▸ Brief:
Retype all of the data word for word, without pictures.

Stored data
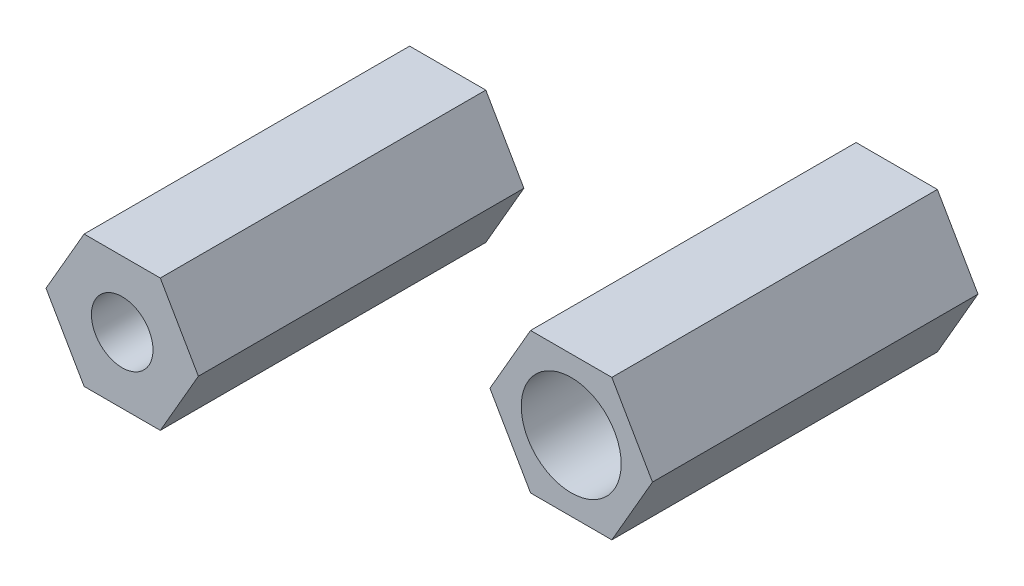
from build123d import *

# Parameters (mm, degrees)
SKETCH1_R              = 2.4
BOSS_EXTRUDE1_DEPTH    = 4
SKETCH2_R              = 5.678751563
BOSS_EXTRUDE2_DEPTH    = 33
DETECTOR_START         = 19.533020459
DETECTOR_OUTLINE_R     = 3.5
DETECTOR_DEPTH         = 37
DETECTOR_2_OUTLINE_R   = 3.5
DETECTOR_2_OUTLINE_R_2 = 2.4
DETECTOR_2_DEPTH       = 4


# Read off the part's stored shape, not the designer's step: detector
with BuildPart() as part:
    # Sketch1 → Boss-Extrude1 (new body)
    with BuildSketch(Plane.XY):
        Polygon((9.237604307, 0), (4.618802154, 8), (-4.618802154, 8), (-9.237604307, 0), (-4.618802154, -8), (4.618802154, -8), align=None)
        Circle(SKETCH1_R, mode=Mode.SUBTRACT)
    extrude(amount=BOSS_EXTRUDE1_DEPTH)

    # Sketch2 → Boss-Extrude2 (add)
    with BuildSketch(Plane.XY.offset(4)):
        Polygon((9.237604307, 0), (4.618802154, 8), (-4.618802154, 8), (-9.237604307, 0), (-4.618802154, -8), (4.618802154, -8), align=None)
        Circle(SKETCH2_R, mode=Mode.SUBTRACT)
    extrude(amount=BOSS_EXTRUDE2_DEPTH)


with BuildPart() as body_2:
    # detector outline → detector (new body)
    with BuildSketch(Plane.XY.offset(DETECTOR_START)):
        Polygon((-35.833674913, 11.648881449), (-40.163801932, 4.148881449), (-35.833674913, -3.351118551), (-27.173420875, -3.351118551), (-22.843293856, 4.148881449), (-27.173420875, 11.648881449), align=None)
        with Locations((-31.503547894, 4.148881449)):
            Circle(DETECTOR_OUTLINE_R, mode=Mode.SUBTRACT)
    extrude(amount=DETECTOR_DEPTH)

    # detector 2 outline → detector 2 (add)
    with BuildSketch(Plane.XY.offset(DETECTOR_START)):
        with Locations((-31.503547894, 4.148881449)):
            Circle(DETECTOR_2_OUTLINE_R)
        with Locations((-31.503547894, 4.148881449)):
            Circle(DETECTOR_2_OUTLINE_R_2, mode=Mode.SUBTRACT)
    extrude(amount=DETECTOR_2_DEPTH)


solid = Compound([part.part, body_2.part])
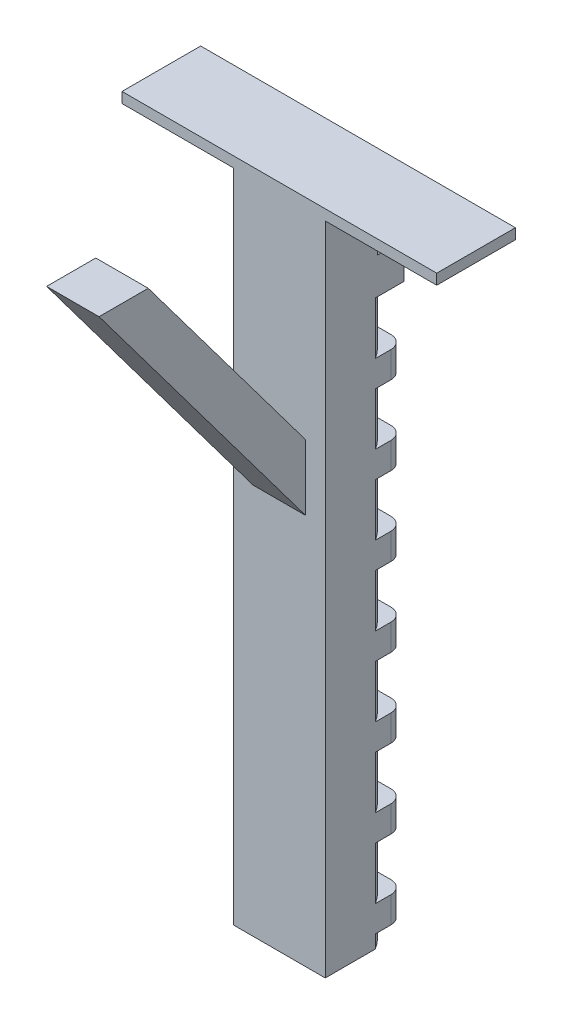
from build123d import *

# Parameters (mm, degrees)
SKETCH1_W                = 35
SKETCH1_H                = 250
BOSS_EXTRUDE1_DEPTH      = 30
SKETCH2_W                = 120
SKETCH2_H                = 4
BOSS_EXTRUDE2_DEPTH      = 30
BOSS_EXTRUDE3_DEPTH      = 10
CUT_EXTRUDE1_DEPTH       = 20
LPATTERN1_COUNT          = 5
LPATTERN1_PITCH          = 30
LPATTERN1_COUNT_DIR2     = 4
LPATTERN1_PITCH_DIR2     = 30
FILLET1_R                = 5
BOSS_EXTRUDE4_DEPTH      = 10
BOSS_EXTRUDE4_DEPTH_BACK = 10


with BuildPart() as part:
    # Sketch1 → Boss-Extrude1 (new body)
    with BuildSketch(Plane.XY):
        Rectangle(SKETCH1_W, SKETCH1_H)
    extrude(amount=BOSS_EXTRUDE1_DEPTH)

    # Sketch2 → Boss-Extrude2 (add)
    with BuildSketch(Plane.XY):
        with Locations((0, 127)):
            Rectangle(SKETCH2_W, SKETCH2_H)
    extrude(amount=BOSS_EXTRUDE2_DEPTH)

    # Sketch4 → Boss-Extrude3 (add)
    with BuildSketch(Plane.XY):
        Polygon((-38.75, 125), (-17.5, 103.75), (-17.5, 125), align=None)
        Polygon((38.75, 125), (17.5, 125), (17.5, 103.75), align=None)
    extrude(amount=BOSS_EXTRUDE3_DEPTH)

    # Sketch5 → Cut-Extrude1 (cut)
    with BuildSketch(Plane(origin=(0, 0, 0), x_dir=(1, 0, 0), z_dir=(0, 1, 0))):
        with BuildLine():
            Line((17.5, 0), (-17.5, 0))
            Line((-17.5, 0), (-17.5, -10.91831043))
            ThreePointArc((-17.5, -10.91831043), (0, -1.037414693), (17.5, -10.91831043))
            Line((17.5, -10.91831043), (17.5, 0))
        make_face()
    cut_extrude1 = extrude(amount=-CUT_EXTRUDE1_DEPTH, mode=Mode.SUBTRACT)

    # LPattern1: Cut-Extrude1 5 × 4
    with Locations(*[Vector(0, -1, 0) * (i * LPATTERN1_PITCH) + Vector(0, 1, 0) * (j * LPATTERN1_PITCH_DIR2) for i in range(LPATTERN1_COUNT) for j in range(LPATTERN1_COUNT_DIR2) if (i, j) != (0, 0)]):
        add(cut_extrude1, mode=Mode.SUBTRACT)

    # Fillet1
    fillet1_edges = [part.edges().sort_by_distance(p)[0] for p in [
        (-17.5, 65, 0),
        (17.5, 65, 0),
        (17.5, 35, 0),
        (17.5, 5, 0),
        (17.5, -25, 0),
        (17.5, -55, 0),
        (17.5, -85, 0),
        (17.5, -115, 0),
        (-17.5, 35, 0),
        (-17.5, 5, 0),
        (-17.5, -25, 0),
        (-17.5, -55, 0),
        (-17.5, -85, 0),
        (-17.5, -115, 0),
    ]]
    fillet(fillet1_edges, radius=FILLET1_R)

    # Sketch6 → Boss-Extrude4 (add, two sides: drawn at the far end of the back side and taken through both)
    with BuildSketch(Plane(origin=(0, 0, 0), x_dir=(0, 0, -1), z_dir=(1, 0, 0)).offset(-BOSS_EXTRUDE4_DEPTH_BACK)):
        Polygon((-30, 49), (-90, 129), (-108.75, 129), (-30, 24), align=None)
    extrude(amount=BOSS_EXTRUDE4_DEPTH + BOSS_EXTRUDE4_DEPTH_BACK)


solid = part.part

▸ Solution:
from build123d import *

# Parameters (mm, degrees)
SKETCH1_R              = 2.4
BOSS_EXTRUDE1_DEPTH    = 4
SKETCH2_R              = 5.678751563
BOSS_EXTRUDE2_DEPTH    = 33
DETECTOR_START         = 19.533020459
DETECTOR_OUTLINE_R     = 3.5
DETECTOR_DEPTH         = 37
DETECTOR_2_OUTLINE_R   = 3.5
DETECTOR_2_OUTLINE_R_2 = 2.4
DETECTOR_2_DEPTH       = 4


# Read off the part's stored shape, not the designer's step: detector
with BuildPart() as part:
    # Sketch1 → Boss-Extrude1 (new body)
    with BuildSketch(Plane.XY):
        Polygon((9.237604307, 0), (4.618802154, 8), (-4.618802154, 8), (-9.237604307, 0), (-4.618802154, -8), (4.618802154, -8), align=None)
        Circle(SKETCH1_R, mode=Mode.SUBTRACT)
    extrude(amount=BOSS_EXTRUDE1_DEPTH)

    # Sketch2 → Boss-Extrude2 (add)
    with BuildSketch(Plane.XY.offset(4)):
        Polygon((9.237604307, 0), (4.618802154, 8), (-4.618802154, 8), (-9.237604307, 0), (-4.618802154, -8), (4.618802154, -8), align=None)
        Circle(SKETCH2_R, mode=Mode.SUBTRACT)
    extrude(amount=BOSS_EXTRUDE2_DEPTH)


with BuildPart() as body_2:
    # detector outline → detector (new body)
    with BuildSketch(Plane.XY.offset(DETECTOR_START)):
        Polygon((-35.833674913, 11.648881449), (-40.163801932, 4.148881449), (-35.833674913, -3.351118551), (-27.173420875, -3.351118551), (-22.843293856, 4.148881449), (-27.173420875, 11.648881449), align=None)
        with Locations((-31.503547894, 4.148881449)):
            Circle(DETECTOR_OUTLINE_R, mode=Mode.SUBTRACT)
    extrude(amount=DETECTOR_DEPTH)

    # detector 2 outline → detector 2 (add)
    with BuildSketch(Plane.XY.offset(DETECTOR_START)):
        with Locations((-31.503547894, 4.148881449)):
            Circle(DETECTOR_2_OUTLINE_R)
        with Locations((-31.503547894, 4.148881449)):
            Circle(DETECTOR_2_OUTLINE_R_2, mode=Mode.SUBTRACT)
    extrude(amount=DETECTOR_2_DEPTH)


solid = Compound([part.part, body_2.part])
from build123d import *

# Parameters (mm, degrees)
SKETCH1_W                = 35
SKETCH1_H                = 250
BOSS_EXTRUDE1_DEPTH      = 30
SKETCH2_W                = 120
SKETCH2_H                = 4
BOSS_EXTRUDE2_DEPTH      = 30
BOSS_EXTRUDE3_DEPTH      = 10
CUT_EXTRUDE1_DEPTH       = 20
LPATTERN1_COUNT          = 5
LPATTERN1_PITCH          = 30
LPATTERN1_COUNT_DIR2     = 4
LPATTERN1_PITCH_DIR2     = 30
FILLET1_R                = 5
BOSS_EXTRUDE4_DEPTH      = 10
BOSS_EXTRUDE4_DEPTH_BACK = 10


with BuildPart() as part:
    # Sketch1 → Boss-Extrude1 (new body)
    with BuildSketch(Plane.XY):
        Rectangle(SKETCH1_W, SKETCH1_H)
    extrude(amount=BOSS_EXTRUDE1_DEPTH)

    # Sketch2 → Boss-Extrude2 (add)
    with BuildSketch(Plane.XY):
        with Locations((0, 127)):
            Rectangle(SKETCH2_W, SKETCH2_H)
    extrude(amount=BOSS_EXTRUDE2_DEPTH)

    # Sketch4 → Boss-Extrude3 (add)
    with BuildSketch(Plane.XY):
        Polygon((-38.75, 125), (-17.5, 103.75), (-17.5, 125), align=None)
        Polygon((38.75, 125), (17.5, 125), (17.5, 103.75), align=None)
    extrude(amount=BOSS_EXTRUDE3_DEPTH)

    # Sketch5 → Cut-Extrude1 (cut)
    with BuildSketch(Plane(origin=(0, 0, 0), x_dir=(1, 0, 0), z_dir=(0, 1, 0))):
        with BuildLine():
            Line((17.5, 0), (-17.5, 0))
            Line((-17.5, 0), (-17.5, -10.91831043))
            ThreePointArc((-17.5, -10.91831043), (0, -1.037414693), (17.5, -10.91831043))
            Line((17.5, -10.91831043), (17.5, 0))
        make_face()
    cut_extrude1 = extrude(amount=-CUT_EXTRUDE1_DEPTH, mode=Mode.SUBTRACT)

    # LPattern1: Cut-Extrude1 5 × 4
    with Locations(*[Vector(0, -1, 0) * (i * LPATTERN1_PITCH) + Vector(0, 1, 0) * (j * LPATTERN1_PITCH_DIR2) for i in range(LPATTERN1_COUNT) for j in range(LPATTERN1_COUNT_DIR2) if (i, j) != (0, 0)]):
        add(cut_extrude1, mode=Mode.SUBTRACT)

    # Fillet1
    fillet1_edges = [part.edges().sort_by_distance(p)[0] for p in [
        (-17.5, 65, 0),
        (17.5, 65, 0),
        (17.5, 35, 0),
        (17.5, 5, 0),
        (17.5, -25, 0),
        (17.5, -55, 0),
        (17.5, -85, 0),
        (17.5, -115, 0),
        (-17.5, 35, 0),
        (-17.5, 5, 0),
        (-17.5, -25, 0),
        (-17.5, -55, 0),
        (-17.5, -85, 0),
        (-17.5, -115, 0),
    ]]
    fillet(fillet1_edges, radius=FILLET1_R)

    # Sketch6 → Boss-Extrude4 (add, two sides: drawn at the far end of the back side and taken through both)
    with BuildSketch(Plane(origin=(0, 0, 0), x_dir=(0, 0, -1), z_dir=(1, 0, 0)).offset(-BOSS_EXTRUDE4_DEPTH_BACK)):
        Polygon((-30, 49), (-90, 129), (-108.75, 129), (-30, 24), align=None)
    extrude(amount=BOSS_EXTRUDE4_DEPTH + BOSS_EXTRUDE4_DEPTH_BACK)


solid = part.part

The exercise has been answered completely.